[TODO] 使用 controller-runtime官方文档 重构一下文章的脉络。
在上一篇文章 [kubeflow] 从零搭建training-operator项目 中,我们从零搭建了一个简单的training-operator项目,最终就差完成controller的Reconcile函数逻辑。这次从TFJob的Reconcile函数为入口,探究training-operator到底是怎么工作的。在此之前,我们需要了解controller-runtime的原理。
controller-runtime源码分析
controller-runtime是社区封装的一个controller框架,借助kubebuilder等工具,开发者只需要关心Reconcile函数的实现,非常方便。下面这图不是controller-runtime,但很接近。Worker可以理解为reconciler,reconciler从工作队列中取出reconcile.request进行消耗。Readonly是指podLister,serviceLister这些。
Controller
下面controller-runtime的版本是v0.15.0,不同版本可能略有差异。下载了training-operator之后,执行go mod tidy下载依赖。使用vscode打开,找到controller相关代码通过 ctrl+左键 就可以跳转到源码了。下面关于controller-runtime的分析,我主要是参考 operator:controller-runtime 原理之控制器 这篇文章来的,因此分析过程基本差不多。

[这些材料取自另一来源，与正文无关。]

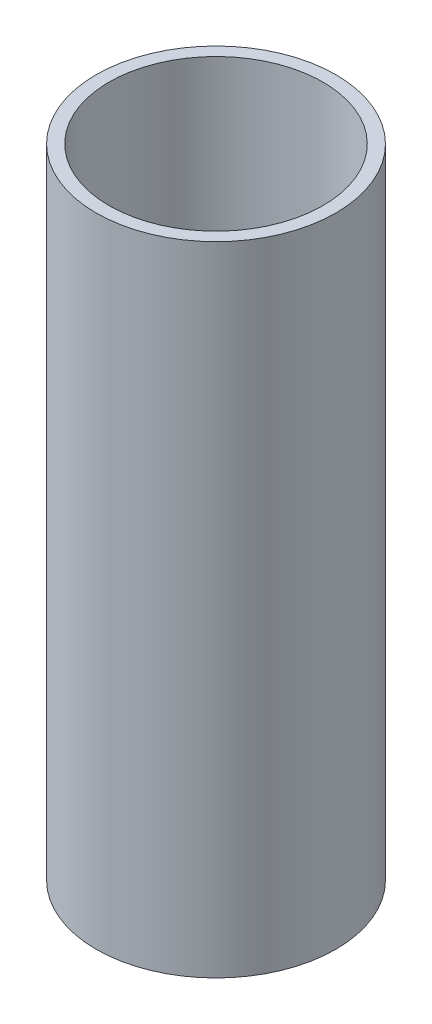
SolidWorks part; units mm, degrees
ref_plane "Front Plane" through (0, 0, 0) normal (0, 0, 1) x (1, 0, 0)
ref_plane "Top Plane" through (0, 0, 0) normal (0, 1, 0) x (1, 0, 0)
ref_plane "Right Plane" through (0, 0, 0) normal (1, 0, 0) x (0, 0, -1)
sketch "Sketch1" plane through (0, 0, 0) normal (0, 1, 0) x (1, 0, 0)
  circle A0 centre (0, 0) radius 14
  circle A1 centre (0, 0) radius 12.5
extrude "Boss-Extrude1" add sketch "Sketch1" along normal blind 74.498
scale "Scale2" scale about centroid uniform scaling yes scale factor 0.5
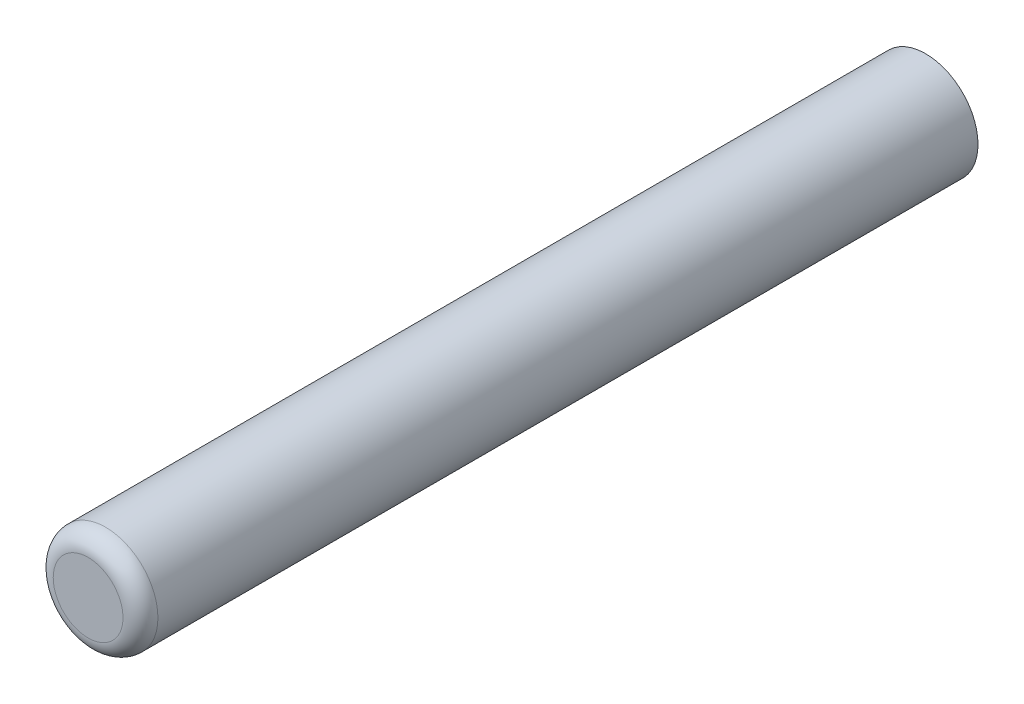
SolidWorks part; units mm, degrees
material "AISI 1020 Steel, Cold Rolled"
ref_plane "Front" through (0, 0, 0) normal (0, 0, 1) x (1, 0, 0)
ref_plane "Top" through (0, 0, 0) normal (0, 1, 0) x (1, 0, 0)
ref_plane "Right" through (0, 0, 0) normal (1, 0, 0) x (0, 0, -1)
sketch "Sketch2" plane through (0, 0, 0) normal (1, 0, 0) x (0, 0, -1)
  line L0 (0, 0) -> (93.1591, 0) construction
  line L1 (0, 0) -> (0, 4.7625)
  line L2 (0, 4.7625) -> (76.2, 4.7625)
  line L3 (76.2, 4.7625) -> (76.2, 0)
  line L4 (76.2, 0) -> (0, 0)
  dimension "D1" = 76.2
  dimension "D2" = 9.525
revolve "Revolve1" add sketch "Sketch2" angle 360 about L0
fillet "Fillet1" radius 1.5875 1 edges at (4.7625, 0, 0)
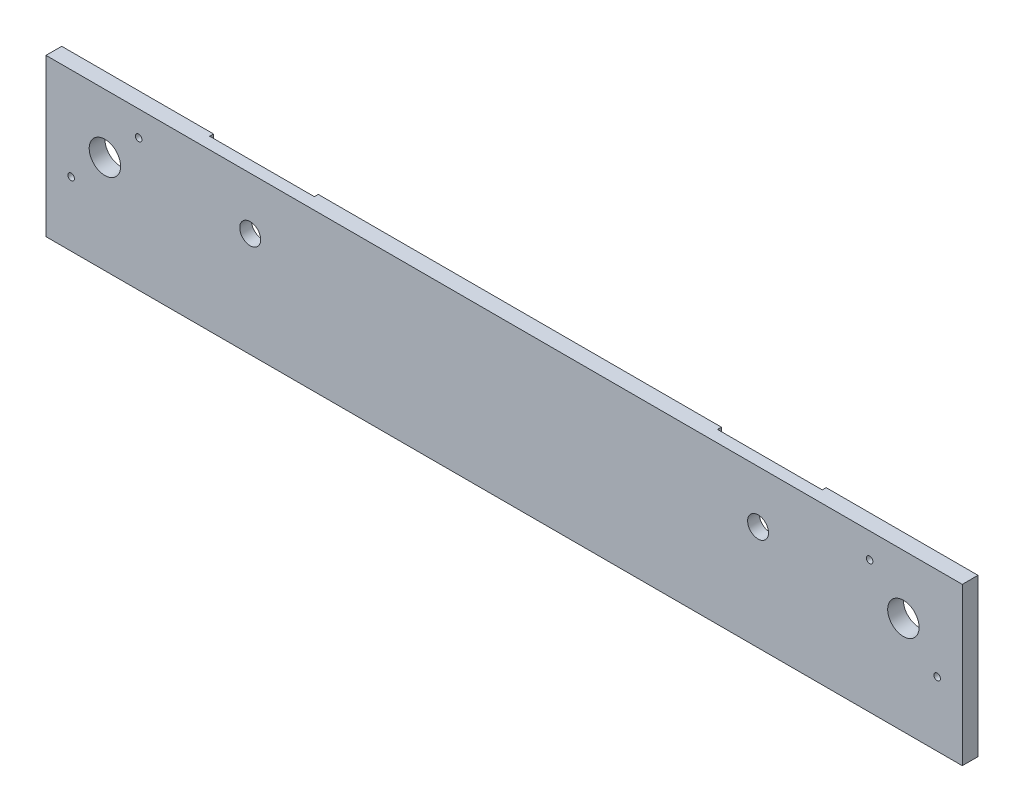
SolidWorks part; units mm, degrees
ref_plane "Alzado" through (0, 0, 0) normal (0, 0, 1) x (1, 0, 0)
ref_plane "Planta" through (0, 0, 0) normal (0, 1, 0) x (1, 0, 0)
ref_plane "Vista lateral" through (0, 0, 0) normal (1, 0, 0) x (0, 0, -1)
sketch "Croquis1" plane through (0, 0, 0) normal (0, 0, 1) x (1, 0, 0)
  line L1 (-350, -60) -> (0, -60)
  line L2 (-350, -60) -> (-350, 0)
  line L3 (-350, 0) -> (0, 0)
  line L4 (0, -60) -> (0, 0)
  dimension "D1" = 350
  dimension "D2" = 60
extrude "Saliente-Extruir1" add sketch "Croquis1" along normal blind 6 contours L3 L4 L1 L2
sketch "Croquis2" plane through (0, 0, 6) normal (0, 0, 1) x (1, 0, 0)
  line L0 (-350, -60) -> (-350, 0) construction
  line L1 (0, -60) -> (0, 0) construction
  line L2 (-350, -60) -> (0, -60) construction
  line L3 (-340.4047, -35.4047) -> (-314.5953, -9.5953) construction
  line L4 (-35.4047, -9.5953) -> (-9.5953, -35.4047) construction
  line L5 (-350, 0) -> (0, 0) construction
  circle A0 centre (-327.5, -22.5) radius 6
  circle A1 centre (-22.5, -22.5) radius 6
  circle A2 centre (-327.5, -22.5) radius 18.25 construction
  circle A4 centre (-314.5953, -9.5953) radius 1.25
  circle A5 centre (-340.4047, -35.4047) radius 1.25
  circle A6 centre (-22.5, -22.5) radius 18.25 construction
  circle A7 centre (-35.4047, -9.5953) radius 1.25
  circle A8 centre (-9.5953, -35.4047) radius 1.25
  dimension "D1" = 12
  dimension "D2" = 12
  dimension "D7" = 36.5
  dimension "D9" = 2.5
  dimension "D10" = 2.5
  dimension "D11" = 36.5
  dimension "D13" = 2.5
  dimension "D14" = 2.5
  dimension "D3" = 22.5
  dimension "D4" = 22.5
  dimension "D5" = 22.5
  dimension "D6" = 22.5
  dimension "D8" = 45
  dimension "D12" = 45
extrude "Cortar-Extruir1" cut sketch "Croquis2" against normal through all
sketch "Croquis3" plane through (0, 0, 0) normal (0, 0, 1) x (1, 0, 0)
  line L0 (-350, 0) -> (0, 0) construction
  line L1 (-98, 0) -> (-58, 0)
  line L2 (-98, 0) -> (-98, -36)
  line L3 (-94, -40) -> (-62, -40)
  line L4 (-58, 0) -> (-58, -36)
  line L5 (0, -60) -> (0, 0) construction
  line L6 (-292, 0) -> (-252, 0)
  line L7 (-292, 0) -> (-292, -36)
  line L8 (-288, -40) -> (-256, -40)
  line L9 (-252, 0) -> (-252, -36)
  line L10 (-350, -60) -> (-350, 0) construction
  arc A0 (-98, -36) -> (-94, -40) centre (-94, -36) ccw
  arc A1 (-62, -40) -> (-58, -36) centre (-62, -36) ccw
  arc A2 (-292, -36) -> (-288, -40) centre (-288, -36) ccw
  arc A3 (-256, -40) -> (-252, -36) centre (-256, -36) ccw
  dimension "D4" = 8
  dimension "D5" = 8
  dimension "D8" = 8
  dimension "D9" = 8
  dimension "D1" = 58
  dimension "D2" = 40
  dimension "D3" = 40
  dimension "D6" = 40
  dimension "D7" = 40
  dimension "D10" = 58
extrude "Cortar-Extruir4" cut sketch "Croquis3" along normal blind 1.5 from surface at 0 starting at face at (-8.3453, -35.4047, 0)
sketch "Croquis4" plane through (0, 0, 6) normal (0, 0, 1) x (1, 0, 0)
  line L0 (-350, -60) -> (-350, 0) construction
  line L1 (0, -60) -> (0, 0) construction
  line L2 (-350, 0) -> (0, 0) construction
  circle A0 centre (-272, -20) radius 4
  circle A1 centre (-78, -20) radius 4
  dimension "D1" = 8
  dimension "D2" = 8
  dimension "D3" = 78
  dimension "D4" = 78
  dimension "D5" = 20
  dimension "D6" = 20
extrude "Cortar-Extruir5" cut sketch "Croquis4" against normal through all

看看controller的抽象接口的定义,文件在controller-runtime@v0.15.0/pkg/controller/controller.go。核心主要是这四个函数,其中,reconcile.Reconciler也是一个抽象接口,里面只有一个Reconcile()函数的定义,即用户来实现。
// Controller implements a Kubernetes API. A Controller manages a work queue fed reconcile.Requests
// from source.Sources. Work is performed through the reconcile.Reconciler for each enqueued item.
// Work typically is reads and writes Kubernetes objects to make the system state match the state specified
// in the object Spec.
type Controller interface {
// Reconciler is called to reconcile an object by Namespace/Name
reconcile.Reconciler
// Watch takes events provided by a Source and uses the EventHandler to
// enqueue reconcile.Requests in response to the events.
//
// Watch may be provided one or more Predicates to filter events before
// they are given to the EventHandler. Events will be passed to the
// EventHandler if all provided Predicates evaluate to true.
Watch(src source.Source, eventhandler handler.EventHandler, predicates ...predicate.Predicate) error
// Start starts the controller. Start blocks until the context is closed or a
// controller has an error starting.
Start(ctx context.Context) error
// GetLogger returns this controller logger prefilled with basic information.
GetLogger() logr.Logger
}
看看controller的具体实现,文件在controller-runtime@v0.15.0/pkg/internal/controller/controller.go。MakeQueue用来初始化限速的工作队列Queue,成员Do则是reconciler,之后会运行用户的reconcile代码。mu是一个锁,保证同时只有一个controller在运行。Started标记controller是否在运行。startWatches用来存储所有的watchDescription对象,一个watchDescription对象包括src,handler和predicates三部分。
// Controller implements controller.Controller.
type Controller struct {
// Name is used to uniquely identify a Controller in tracing, logging and monitoring. Name is required.
Name string
// MaxConcurrentReconciles is the maximum number of concurrent Reconciles which can be run. Defaults to 1.
MaxConcurrentReconciles int
// Reconciler is a function that can be called at any time with the Name / Namespace of an object and
// ensures that the state of the system matches the state specified in the object.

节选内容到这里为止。